## What the task asks
Go line by line through the records and tally those that include "point". Respond with the tally only.

## Supplied records
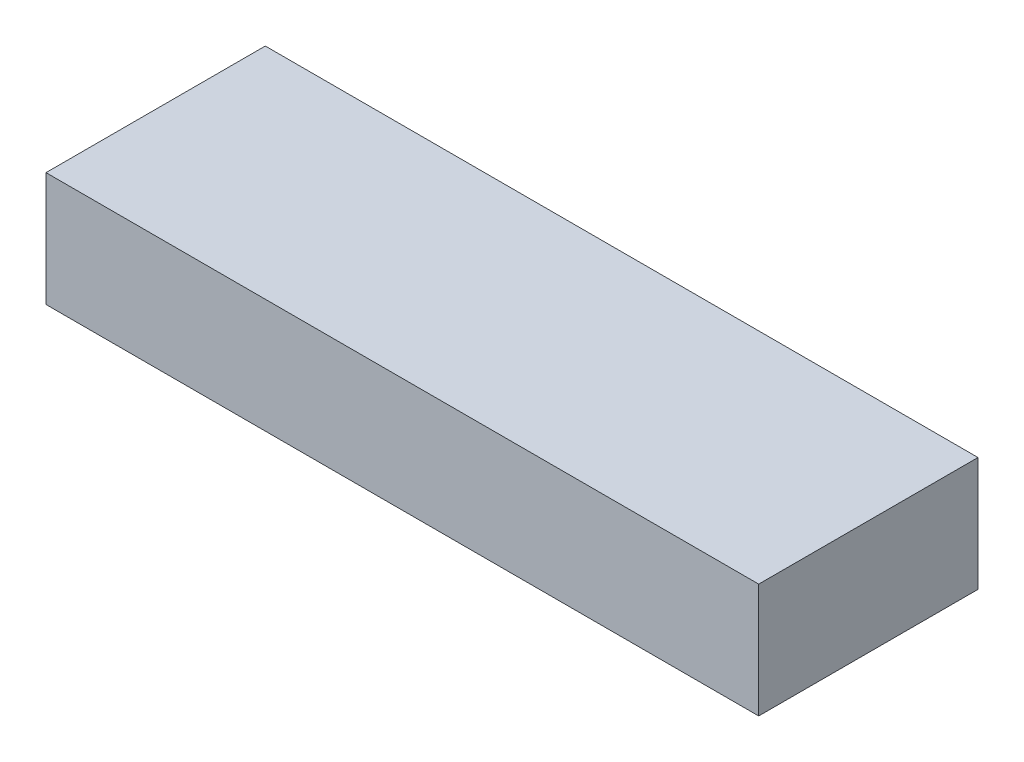
SolidWorks part; units mm, degrees
ref_plane "Plan de face" through (0, 0, 0) normal (0, 0, 1) x (1, 0, 0)
ref_plane "Plan de dessus" through (0, 0, 0) normal (0, 1, 0) x (1, 0, 0)
ref_plane "Plan de droite" through (0, 0, 0) normal (1, 0, 0) x (0, 0, -1)
sketch "Esquisse1" plane through (0, 0, 0) normal (0, 1, 0) x (1, 0, 0)
  line L1 (-78, 24) -> (78, 24)
  line L2 (-78, 24) -> (-78, -24)
  line L3 (-78, -24) -> (78, -24)
  line L4 (78, 24) -> (78, -24)
  line L5 (-78, 24) -> (78, -24) construction
  line L6 (-78, -24) -> (78, 24) construction
  point P0 (0, 0)
  dimension "D1" = 156
  dimension "D2" = 48
extrude "Boss.-Extru.1" add sketch "Esquisse1" along normal blind 25
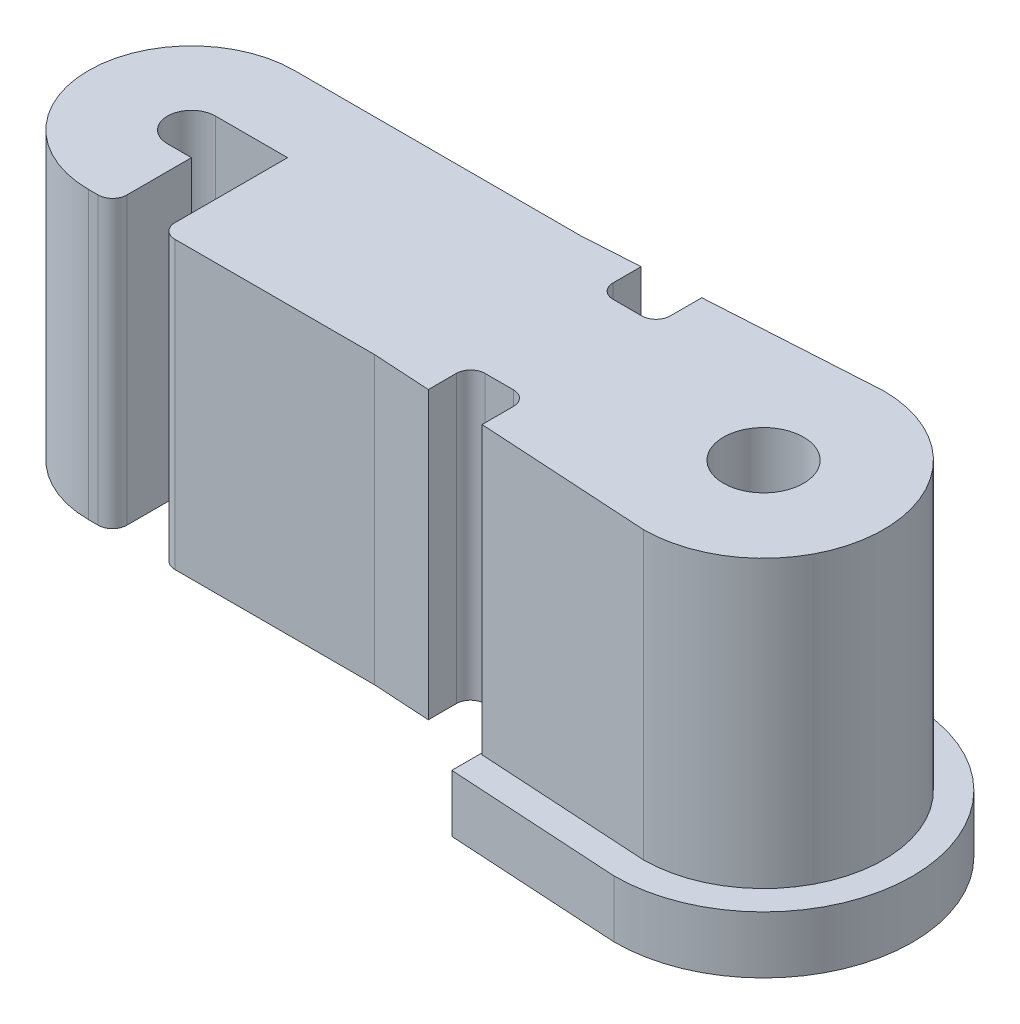
SolidWorks part; units mm, degrees
ref_plane "Front Plane" through (0, 0, 0) normal (0, 0, 1) x (1, 0, 0)
ref_plane "Top Plane" through (0, 0, 0) normal (0, 1, 0) x (1, 0, 0)
ref_plane "Right Plane" through (0, 0, 0) normal (1, 0, 0) x (0, 0, -1)
sketch "Sketch3" plane through (0, 0, 0) normal (0, 1, 0) x (1, 0, 0)
  line L0 (-5, 0.75) -> (0, 1.05) construction
  line L3 (0, -1.05) -> (-5, -0.75) construction
  line L4 (-2.5, 0.9) -> (-2, 0.93)
  line L6 (-4.25, 0) -> (-5.75, 0) construction
  line L7 (-2, 0.93) -> (-2, 0.56)
  line L8 (-2.5, 0.9) -> (-5, 0.9)
  line L9 (-2.5, 0.9) -> (-2.5, -0.9) construction
  line L10 (-2.5, -0.9) -> (-5, -0.9)
  line L11 (-5, 0.9) -> (-5, -0.9) construction
  line L12 (-2, 0.96) -> (-1.5, 0.96) construction
  line L13 (-2, 0.96) -> (-2, 0.56) construction
  line L14 (-2, 0.56) -> (-1.5, 0.56)
  line L15 (-1.5, 0.96) -> (-1.5, 0.56)
  line L16 (-1.5, -0.56) -> (-2, -0.56)
  line L17 (-1.5, -0.56) -> (-1.5, -0.96)
  line L18 (-1.5, -0.96) -> (-2, -0.96) construction
  line L19 (-2, -0.56) -> (-2, -0.96) construction
  line L21 (-2.5, -0.9) -> (-2, -0.93)
  line L22 (-2, -0.93) -> (-2, -0.56)
  line L23 (-1.5, 0.96) -> (0, 1.05)
  line L24 (0, -1.05) -> (-1.5, -0.96)
  circle A2 centre (0, 0) radius 0.6 construction
  circle A3 centre (0, 0) radius 0.4 construction
  circle A4 centre (-5, 0) radius 0.35 construction
  circle A5 centre (0, 0) radius 1.05 construction
  circle A6 centre (-5, 0) radius 0.75 construction
  arc A7 (-5, 0.9) -> (-5, -0.9) centre (-5, 0) ccw
  arc A8 (0, 1.05) -> (0, -1.05) centre (0, 0) cw
  point P4 (-2, -0.93)
  point P15 (-5, 0)
  point P16 (-2, 0.93)
  point P22 (-5, 0)
  dimension "D2" = 1.2
  dimension "D3" = 0.8
  dimension "D4" = 0.7
  dimension "D6" = 5
  dimension "D1" = 1.5
  dimension "D5" = 2.1
  dimension "D7" = 0.4
  dimension "D9" = 2.5
  dimension "D10" = 1.8
  dimension "D11" = 2.5
  dimension "D12" = 0.5
  dimension "D14" = 1.5
extrude "Boss-Extrude1" add sketch "Sketch3" along normal blind 2.5 contours L8 A7 L10 L21 L22 L16 L17 L24 A8 L23 L15 L14 L7 L4
sketch "Sketch4" plane through (0, 2.5, 0) normal (0, 1, 0) x (1, 0, 0)
  line L3 (-4.79, -0.9) -> (-4.37, -0.9)
  line L5 (-4.79, -0.9) -> (-4.79, -0.21)
  line L6 (-4.37, -0.9) -> (-4.37, 0.21)
  line L7 (-4.37, 0.21) -> (-5, 0.21)
  line L8 (-4.79, -0.21) -> (-5, -0.21)
  line L9 (-2.5, -0.9) -> (-5, -0.9) construction
  circle A0 centre (0, 0) radius 0.35
  circle A1 centre (-5, 0) radius 0.375 construction
  circle A2 centre (-5, 0) radius 0.21 construction
  arc A3 (-5, 0.21) -> (-5, -0.21) centre (-5, 0) ccw
  point P7 (0, 0)
  point P9 (0, 0)
  point P11 (-4.79, -0.21)
  dimension "D1" = 0.7
  dimension "D2" = 0.75
  dimension "D4" = 0.42
  dimension "D3" = 0.42
extrude "Through Holes" cut sketch "Sketch4" against normal through all
fillet "Fillet1" radius 0.125 6 edges at (-2, 1.25, 0.56) (-1.5, 1.25, 0.56) (-1.5, 1.25, -0.56) (-2, 1.25, -0.56) (-4.37, 1.25, 0.9) (-4.79, 1.25, 0.9)
sketch "Sketch5" plane through (0, 0, 0) normal (0, 1, 0) x (1, 0, 0)
  line L2 (-1.515, -1.2096) -> (-1.515, 1.2096)
  line L4 (-1.515, 1.2096) -> (-0.0079, 1.3)
  line L5 (-0.0079, -1.3) -> (-1.515, -1.2096)
  line L6 (-1.515, 1.2096) -> (-0.0079, 1.3)
  line L7 (-0.0079, -1.3) -> (-1.515, -1.2096)
  circle A1 centre (0, 0) radius 0.125
  arc A2 (-0.0079, -1.3) -> (-0.0079, 1.3) centre (0, 0) ccw
  arc A3 (-0.0079, -1.3) -> (-0.0079, 1.3) centre (0, 0) ccw
  dimension "D2" = 0.25
  dimension "D1" = 0.25
extrude "Boss-Extrude2" add sketch "Sketch5" against normal blind 0.5

## Worked solution
8